§ PROMPT
Your answer should consist of the lines below that hold the word "mechanical".

§ Dataset items
****************
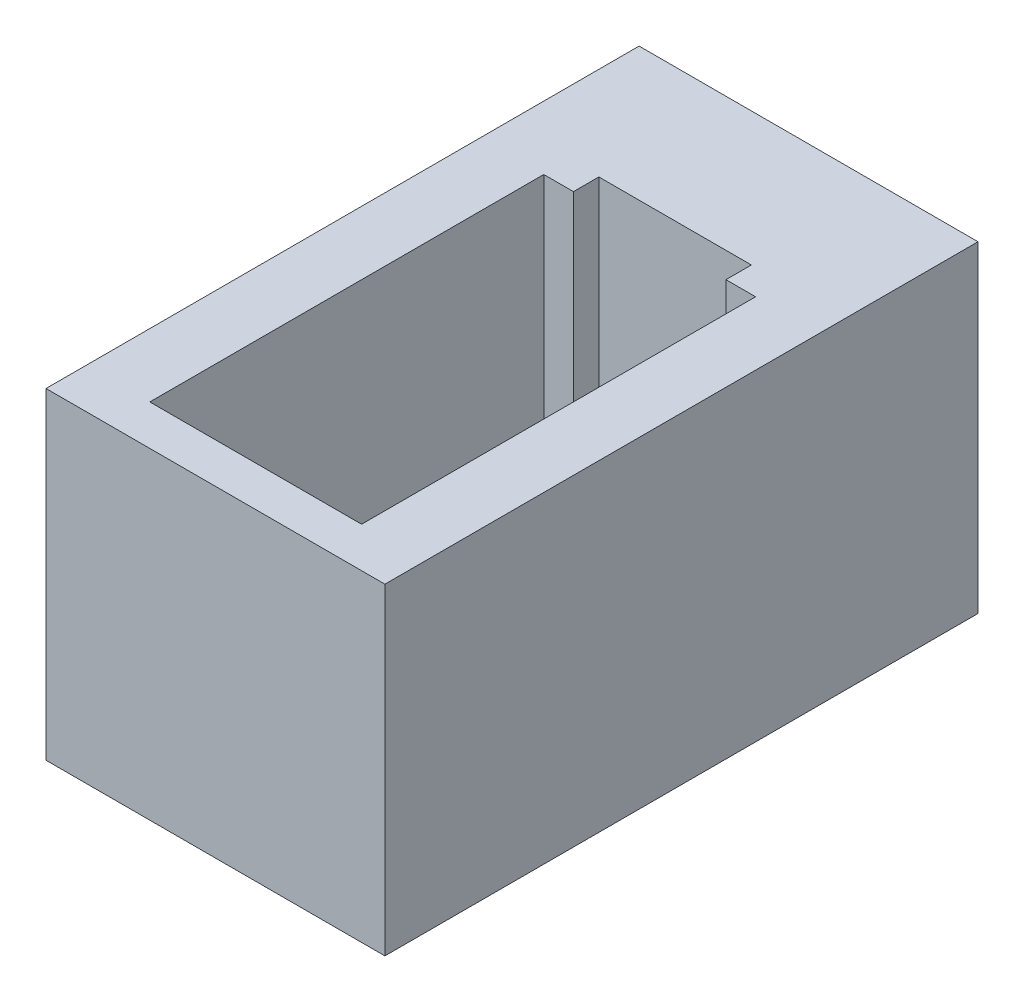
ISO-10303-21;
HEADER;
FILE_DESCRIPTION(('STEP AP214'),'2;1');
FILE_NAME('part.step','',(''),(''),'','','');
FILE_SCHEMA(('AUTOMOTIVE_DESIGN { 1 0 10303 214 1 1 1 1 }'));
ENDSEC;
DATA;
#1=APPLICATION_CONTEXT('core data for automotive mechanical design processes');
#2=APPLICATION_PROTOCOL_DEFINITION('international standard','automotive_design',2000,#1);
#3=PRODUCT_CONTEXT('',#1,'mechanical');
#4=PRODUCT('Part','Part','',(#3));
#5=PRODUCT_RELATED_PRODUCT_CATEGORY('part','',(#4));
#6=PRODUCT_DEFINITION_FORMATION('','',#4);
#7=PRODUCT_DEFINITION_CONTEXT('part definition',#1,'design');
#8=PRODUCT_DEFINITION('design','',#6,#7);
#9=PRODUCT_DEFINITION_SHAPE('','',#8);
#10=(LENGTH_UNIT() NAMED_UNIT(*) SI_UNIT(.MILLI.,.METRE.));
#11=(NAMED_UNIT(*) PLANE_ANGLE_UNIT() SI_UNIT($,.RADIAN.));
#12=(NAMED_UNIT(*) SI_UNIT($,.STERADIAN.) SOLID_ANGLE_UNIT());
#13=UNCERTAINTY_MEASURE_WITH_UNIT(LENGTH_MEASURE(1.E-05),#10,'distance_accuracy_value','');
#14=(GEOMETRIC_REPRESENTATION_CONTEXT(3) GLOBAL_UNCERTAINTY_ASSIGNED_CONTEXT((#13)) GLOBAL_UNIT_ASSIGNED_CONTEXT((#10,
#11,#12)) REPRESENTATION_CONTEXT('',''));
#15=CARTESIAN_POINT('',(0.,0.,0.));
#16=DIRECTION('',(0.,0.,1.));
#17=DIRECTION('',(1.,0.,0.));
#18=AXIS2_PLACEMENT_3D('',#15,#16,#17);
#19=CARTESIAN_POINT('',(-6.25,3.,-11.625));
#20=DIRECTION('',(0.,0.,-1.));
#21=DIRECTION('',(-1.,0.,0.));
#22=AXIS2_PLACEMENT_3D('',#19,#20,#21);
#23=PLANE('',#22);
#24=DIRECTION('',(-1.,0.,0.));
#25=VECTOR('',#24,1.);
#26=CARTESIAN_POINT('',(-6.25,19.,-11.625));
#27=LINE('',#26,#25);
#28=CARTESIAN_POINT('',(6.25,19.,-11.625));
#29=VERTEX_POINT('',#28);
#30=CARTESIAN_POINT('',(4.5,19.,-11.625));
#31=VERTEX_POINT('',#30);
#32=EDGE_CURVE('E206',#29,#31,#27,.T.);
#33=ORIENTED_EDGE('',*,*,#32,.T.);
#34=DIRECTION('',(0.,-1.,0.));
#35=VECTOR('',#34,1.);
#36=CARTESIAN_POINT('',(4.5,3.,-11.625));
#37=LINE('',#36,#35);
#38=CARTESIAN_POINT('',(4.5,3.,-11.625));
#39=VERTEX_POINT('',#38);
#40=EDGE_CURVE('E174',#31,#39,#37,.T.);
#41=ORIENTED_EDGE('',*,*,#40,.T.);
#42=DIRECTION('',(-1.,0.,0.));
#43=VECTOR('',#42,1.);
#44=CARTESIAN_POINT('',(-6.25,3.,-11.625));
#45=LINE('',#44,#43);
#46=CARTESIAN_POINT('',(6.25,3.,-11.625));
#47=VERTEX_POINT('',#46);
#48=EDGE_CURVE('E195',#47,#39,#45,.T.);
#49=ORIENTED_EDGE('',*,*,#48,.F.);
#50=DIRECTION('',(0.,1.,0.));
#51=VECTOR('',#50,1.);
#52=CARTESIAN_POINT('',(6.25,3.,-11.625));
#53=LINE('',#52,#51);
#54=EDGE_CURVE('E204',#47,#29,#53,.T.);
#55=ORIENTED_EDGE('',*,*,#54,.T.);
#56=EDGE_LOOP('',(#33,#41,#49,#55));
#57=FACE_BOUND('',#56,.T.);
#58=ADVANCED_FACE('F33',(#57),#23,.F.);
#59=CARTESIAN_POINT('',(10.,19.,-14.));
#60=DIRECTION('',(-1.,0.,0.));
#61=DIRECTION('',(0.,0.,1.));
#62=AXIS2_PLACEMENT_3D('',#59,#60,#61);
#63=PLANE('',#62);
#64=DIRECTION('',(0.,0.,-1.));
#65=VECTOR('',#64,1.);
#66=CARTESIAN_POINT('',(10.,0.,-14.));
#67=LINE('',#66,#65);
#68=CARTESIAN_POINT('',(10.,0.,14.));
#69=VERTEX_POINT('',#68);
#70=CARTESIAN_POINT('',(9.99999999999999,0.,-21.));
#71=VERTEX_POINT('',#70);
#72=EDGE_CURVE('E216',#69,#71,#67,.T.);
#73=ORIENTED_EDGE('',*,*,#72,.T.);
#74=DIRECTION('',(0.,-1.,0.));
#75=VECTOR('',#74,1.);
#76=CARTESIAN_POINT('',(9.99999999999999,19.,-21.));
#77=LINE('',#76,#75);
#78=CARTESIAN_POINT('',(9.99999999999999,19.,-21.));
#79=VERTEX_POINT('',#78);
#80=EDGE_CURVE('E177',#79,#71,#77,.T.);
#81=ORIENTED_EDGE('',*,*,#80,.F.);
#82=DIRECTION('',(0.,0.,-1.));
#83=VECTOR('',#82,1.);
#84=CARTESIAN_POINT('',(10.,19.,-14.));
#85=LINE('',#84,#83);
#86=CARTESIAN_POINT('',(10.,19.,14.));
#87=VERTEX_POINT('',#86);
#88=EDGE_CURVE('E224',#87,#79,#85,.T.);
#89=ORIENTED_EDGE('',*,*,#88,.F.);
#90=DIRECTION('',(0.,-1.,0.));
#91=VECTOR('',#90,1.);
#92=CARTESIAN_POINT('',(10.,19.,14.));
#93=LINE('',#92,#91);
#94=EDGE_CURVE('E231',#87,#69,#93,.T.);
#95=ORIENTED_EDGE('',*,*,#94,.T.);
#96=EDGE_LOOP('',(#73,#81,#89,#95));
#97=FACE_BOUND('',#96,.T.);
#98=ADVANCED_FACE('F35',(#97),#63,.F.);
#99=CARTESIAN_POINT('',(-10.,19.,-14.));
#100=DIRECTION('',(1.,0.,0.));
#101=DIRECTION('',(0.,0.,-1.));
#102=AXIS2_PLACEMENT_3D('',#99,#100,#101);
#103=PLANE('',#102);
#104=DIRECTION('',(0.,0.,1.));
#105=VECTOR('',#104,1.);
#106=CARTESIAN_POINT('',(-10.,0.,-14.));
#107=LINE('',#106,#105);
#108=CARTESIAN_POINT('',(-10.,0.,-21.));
****************
§ ANSWER AREA
#1=APPLICATION_CONTEXT('core data for automotive mechanical design processes');
#3=PRODUCT_CONTEXT('',#1,'mechanical');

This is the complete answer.